Each line from the start of the records through the line containing "each defined once" is to be transcribed exactly, and no other line is to be included.

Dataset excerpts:
※ ※ ※
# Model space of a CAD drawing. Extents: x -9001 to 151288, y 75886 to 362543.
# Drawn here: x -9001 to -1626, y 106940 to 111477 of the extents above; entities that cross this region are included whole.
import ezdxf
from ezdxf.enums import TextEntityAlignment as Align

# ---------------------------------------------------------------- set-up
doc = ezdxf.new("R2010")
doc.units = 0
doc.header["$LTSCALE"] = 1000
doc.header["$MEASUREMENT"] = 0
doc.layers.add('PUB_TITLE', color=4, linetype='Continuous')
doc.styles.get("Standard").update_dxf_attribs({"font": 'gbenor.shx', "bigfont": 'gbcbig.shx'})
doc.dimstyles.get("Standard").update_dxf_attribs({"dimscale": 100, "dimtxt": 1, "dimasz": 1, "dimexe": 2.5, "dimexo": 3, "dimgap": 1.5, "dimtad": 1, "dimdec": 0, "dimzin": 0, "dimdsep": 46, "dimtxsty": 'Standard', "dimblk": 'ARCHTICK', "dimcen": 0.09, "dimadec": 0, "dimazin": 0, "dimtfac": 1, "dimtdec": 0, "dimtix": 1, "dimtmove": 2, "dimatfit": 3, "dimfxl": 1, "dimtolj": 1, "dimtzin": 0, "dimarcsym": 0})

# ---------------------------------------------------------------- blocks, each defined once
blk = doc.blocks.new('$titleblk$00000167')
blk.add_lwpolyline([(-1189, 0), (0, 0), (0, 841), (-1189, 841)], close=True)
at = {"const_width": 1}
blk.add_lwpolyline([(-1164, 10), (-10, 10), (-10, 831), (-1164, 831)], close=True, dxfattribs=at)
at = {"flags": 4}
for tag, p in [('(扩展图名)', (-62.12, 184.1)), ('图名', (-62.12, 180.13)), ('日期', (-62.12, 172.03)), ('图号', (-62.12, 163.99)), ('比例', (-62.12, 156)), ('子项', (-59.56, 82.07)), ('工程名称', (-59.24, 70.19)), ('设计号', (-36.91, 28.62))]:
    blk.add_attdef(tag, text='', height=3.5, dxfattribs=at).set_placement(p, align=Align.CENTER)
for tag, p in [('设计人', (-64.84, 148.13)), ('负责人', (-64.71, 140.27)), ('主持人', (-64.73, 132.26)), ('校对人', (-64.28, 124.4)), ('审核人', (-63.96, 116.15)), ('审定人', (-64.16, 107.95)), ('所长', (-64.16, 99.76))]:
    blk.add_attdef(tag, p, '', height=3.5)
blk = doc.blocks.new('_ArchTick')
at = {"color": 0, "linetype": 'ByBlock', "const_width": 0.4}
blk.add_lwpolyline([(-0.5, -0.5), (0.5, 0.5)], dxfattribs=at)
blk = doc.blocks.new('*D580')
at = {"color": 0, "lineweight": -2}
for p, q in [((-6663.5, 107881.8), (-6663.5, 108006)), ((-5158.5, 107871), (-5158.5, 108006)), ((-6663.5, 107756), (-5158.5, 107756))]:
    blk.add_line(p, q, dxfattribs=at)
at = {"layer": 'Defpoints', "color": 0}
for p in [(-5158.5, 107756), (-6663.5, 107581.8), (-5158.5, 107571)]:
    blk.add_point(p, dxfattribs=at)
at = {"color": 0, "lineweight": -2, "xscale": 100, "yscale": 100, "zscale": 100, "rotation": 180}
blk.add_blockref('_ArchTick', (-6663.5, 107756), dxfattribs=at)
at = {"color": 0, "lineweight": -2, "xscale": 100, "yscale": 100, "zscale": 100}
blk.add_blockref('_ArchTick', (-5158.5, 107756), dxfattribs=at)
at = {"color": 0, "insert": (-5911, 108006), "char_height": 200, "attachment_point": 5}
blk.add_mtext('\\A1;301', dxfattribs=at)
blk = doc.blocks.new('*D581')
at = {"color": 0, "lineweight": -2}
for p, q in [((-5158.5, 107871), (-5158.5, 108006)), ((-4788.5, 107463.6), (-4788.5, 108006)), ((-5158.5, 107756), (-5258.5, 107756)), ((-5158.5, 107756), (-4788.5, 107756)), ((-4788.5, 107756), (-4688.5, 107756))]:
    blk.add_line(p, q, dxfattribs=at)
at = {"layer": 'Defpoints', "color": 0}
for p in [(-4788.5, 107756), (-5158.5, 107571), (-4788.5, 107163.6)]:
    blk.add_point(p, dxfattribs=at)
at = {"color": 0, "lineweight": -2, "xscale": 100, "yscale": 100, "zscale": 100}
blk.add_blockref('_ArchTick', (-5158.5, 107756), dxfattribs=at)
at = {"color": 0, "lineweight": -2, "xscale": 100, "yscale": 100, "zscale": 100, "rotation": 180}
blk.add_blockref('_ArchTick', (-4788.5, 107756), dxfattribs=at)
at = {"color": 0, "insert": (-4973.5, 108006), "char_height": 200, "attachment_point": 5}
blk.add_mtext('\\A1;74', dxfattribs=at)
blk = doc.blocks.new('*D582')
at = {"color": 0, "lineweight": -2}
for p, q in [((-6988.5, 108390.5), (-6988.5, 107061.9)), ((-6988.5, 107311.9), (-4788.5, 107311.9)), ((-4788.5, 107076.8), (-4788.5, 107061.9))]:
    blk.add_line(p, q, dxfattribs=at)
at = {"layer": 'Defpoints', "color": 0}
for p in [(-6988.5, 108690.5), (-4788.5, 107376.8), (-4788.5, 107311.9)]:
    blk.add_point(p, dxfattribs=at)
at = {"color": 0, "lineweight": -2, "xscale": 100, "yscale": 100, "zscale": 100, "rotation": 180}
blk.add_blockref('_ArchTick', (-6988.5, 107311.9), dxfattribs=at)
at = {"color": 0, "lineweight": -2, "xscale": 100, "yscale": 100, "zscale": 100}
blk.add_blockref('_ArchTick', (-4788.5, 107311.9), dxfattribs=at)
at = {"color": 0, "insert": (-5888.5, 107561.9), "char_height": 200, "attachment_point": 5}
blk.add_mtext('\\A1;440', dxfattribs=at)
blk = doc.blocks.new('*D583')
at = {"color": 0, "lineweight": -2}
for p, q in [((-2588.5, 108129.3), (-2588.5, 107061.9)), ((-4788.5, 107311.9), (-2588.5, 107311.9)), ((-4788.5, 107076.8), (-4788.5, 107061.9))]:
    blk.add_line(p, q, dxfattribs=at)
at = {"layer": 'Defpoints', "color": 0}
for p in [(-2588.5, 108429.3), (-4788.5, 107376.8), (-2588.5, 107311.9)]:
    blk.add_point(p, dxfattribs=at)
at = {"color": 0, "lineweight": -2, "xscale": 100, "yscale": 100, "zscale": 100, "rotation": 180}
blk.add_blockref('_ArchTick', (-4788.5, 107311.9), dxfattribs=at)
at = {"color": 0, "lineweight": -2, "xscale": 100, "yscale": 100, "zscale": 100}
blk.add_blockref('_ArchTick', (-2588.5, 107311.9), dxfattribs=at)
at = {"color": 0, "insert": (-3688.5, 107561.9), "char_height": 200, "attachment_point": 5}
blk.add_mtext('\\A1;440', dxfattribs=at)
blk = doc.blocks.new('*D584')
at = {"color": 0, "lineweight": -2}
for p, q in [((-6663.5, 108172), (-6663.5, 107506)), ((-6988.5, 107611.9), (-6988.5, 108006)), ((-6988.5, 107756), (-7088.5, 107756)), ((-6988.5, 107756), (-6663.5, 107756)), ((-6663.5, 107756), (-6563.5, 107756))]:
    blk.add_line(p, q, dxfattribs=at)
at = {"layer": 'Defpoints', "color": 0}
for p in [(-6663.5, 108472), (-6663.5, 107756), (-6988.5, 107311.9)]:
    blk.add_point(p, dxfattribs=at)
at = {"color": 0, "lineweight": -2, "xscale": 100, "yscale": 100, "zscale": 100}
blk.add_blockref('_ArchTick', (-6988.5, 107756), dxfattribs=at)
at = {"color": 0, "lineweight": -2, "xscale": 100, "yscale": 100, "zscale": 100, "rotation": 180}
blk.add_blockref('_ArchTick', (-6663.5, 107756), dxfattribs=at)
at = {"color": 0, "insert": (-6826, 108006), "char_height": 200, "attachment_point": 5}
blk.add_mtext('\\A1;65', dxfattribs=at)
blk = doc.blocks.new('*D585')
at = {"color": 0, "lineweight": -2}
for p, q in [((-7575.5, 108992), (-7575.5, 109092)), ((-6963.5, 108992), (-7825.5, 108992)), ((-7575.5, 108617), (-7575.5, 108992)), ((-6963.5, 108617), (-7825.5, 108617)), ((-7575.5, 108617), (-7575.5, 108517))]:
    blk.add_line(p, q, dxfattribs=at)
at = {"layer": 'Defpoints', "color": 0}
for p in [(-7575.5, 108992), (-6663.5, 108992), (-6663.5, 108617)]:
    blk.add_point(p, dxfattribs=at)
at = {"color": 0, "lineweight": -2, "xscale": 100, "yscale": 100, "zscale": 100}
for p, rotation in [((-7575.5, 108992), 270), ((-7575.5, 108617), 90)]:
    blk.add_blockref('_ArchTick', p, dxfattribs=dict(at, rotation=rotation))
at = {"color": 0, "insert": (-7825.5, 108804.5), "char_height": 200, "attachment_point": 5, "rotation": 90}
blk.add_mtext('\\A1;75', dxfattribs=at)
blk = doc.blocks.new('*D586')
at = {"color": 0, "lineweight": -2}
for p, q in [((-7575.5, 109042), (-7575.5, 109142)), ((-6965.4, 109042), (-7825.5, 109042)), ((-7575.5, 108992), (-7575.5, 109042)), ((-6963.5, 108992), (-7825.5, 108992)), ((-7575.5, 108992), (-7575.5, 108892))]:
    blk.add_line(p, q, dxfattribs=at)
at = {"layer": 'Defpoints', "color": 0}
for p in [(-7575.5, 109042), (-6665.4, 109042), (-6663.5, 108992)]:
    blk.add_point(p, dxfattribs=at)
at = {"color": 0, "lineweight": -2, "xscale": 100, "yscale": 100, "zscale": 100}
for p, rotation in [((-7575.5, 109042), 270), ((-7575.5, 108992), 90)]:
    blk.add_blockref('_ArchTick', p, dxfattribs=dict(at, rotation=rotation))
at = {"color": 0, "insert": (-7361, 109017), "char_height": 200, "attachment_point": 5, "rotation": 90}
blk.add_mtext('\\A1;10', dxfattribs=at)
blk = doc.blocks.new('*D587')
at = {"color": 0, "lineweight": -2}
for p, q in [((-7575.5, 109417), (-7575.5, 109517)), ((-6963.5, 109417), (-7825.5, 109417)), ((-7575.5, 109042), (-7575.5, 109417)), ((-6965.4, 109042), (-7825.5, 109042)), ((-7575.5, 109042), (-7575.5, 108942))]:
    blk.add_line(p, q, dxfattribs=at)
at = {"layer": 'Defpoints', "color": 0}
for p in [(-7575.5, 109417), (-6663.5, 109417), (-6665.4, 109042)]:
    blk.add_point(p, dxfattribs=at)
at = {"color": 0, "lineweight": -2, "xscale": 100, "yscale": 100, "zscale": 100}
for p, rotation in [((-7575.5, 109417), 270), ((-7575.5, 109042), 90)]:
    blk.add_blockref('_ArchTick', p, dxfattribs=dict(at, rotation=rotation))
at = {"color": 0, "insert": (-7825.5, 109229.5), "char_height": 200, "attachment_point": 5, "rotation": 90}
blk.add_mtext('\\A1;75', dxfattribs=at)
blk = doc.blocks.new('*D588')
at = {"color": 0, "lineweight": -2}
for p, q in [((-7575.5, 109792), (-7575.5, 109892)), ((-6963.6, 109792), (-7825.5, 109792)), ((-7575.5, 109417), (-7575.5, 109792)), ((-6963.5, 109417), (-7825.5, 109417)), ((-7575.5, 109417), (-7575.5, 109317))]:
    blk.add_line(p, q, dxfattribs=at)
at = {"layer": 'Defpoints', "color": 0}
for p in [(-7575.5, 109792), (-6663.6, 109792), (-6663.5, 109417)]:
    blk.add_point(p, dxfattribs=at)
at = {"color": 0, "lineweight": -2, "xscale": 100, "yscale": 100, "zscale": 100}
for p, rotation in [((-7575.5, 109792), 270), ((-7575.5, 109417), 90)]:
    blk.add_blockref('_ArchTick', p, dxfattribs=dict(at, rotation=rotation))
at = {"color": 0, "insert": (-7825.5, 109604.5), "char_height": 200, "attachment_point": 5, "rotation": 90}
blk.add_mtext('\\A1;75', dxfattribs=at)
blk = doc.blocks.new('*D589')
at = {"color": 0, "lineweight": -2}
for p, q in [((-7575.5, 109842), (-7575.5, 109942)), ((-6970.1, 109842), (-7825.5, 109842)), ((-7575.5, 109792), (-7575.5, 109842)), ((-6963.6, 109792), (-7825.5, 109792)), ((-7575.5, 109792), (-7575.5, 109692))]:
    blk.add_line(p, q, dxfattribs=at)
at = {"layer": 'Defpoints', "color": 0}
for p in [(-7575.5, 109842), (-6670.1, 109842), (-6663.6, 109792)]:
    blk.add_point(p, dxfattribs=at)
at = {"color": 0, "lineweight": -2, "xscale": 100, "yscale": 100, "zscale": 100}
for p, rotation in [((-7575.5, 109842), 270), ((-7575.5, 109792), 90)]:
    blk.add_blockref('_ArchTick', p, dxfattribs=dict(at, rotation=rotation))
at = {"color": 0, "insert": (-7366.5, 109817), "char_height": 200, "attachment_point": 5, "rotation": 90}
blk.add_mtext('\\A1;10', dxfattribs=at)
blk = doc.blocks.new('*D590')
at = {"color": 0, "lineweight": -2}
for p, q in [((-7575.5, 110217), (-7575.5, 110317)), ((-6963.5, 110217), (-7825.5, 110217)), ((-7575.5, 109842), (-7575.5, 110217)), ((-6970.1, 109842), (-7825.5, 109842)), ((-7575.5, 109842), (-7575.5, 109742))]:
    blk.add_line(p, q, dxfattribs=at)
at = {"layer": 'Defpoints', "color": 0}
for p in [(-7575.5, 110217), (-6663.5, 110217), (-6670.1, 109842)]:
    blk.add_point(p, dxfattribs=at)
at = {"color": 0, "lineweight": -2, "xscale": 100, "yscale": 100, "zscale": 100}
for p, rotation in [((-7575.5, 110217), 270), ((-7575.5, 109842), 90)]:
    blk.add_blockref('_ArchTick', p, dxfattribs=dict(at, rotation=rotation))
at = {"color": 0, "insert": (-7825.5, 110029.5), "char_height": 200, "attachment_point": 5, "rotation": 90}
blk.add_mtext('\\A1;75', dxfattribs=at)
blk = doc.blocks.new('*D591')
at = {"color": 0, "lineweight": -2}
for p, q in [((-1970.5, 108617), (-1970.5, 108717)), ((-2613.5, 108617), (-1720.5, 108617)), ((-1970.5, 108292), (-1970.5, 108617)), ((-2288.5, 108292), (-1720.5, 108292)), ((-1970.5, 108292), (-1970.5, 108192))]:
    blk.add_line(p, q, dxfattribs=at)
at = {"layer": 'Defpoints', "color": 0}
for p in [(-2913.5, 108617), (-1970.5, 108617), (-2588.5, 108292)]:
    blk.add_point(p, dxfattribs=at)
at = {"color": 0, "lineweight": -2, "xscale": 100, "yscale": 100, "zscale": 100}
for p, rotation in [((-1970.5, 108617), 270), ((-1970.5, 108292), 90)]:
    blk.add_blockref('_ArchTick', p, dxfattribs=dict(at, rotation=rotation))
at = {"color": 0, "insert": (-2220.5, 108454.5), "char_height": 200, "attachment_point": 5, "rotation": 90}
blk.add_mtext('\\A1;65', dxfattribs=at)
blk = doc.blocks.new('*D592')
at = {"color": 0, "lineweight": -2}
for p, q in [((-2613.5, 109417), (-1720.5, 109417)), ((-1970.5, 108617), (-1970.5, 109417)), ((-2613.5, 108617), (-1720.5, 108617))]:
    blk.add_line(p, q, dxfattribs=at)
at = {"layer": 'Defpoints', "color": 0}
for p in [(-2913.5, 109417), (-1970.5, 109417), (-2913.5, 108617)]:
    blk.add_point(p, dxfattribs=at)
※ ※ ※
§ **Exercise output**:
# Model space of a CAD drawing. Extents: x -9001 to 151288, y 75886 to 362543.
# Drawn here: x -9001 to -1626, y 106940 to 111477 of the extents above; entities that cross this region are included whole.
import ezdxf
from ezdxf.enums import TextEntityAlignment as Align

# ---------------------------------------------------------------- set-up
doc = ezdxf.new("R2010")
doc.units = 0
doc.header["$LTSCALE"] = 1000
doc.header["$MEASUREMENT"] = 0
doc.layers.add('PUB_TITLE', color=4, linetype='Continuous')
doc.styles.get("Standard").update_dxf_attribs({"font": 'gbenor.shx', "bigfont": 'gbcbig.shx'})
doc.dimstyles.get("Standard").update_dxf_attribs({"dimscale": 100, "dimtxt": 1, "dimasz": 1, "dimexe": 2.5, "dimexo": 3, "dimgap": 1.5, "dimtad": 1, "dimdec": 0, "dimzin": 0, "dimdsep": 46, "dimtxsty": 'Standard', "dimblk": 'ARCHTICK', "dimcen": 0.09, "dimadec": 0, "dimazin": 0, "dimtfac": 1, "dimtdec": 0, "dimtix": 1, "dimtmove": 2, "dimatfit": 3, "dimfxl": 1, "dimtolj": 1, "dimtzin": 0, "dimarcsym": 0})

# ---------------------------------------------------------------- blocks, each defined once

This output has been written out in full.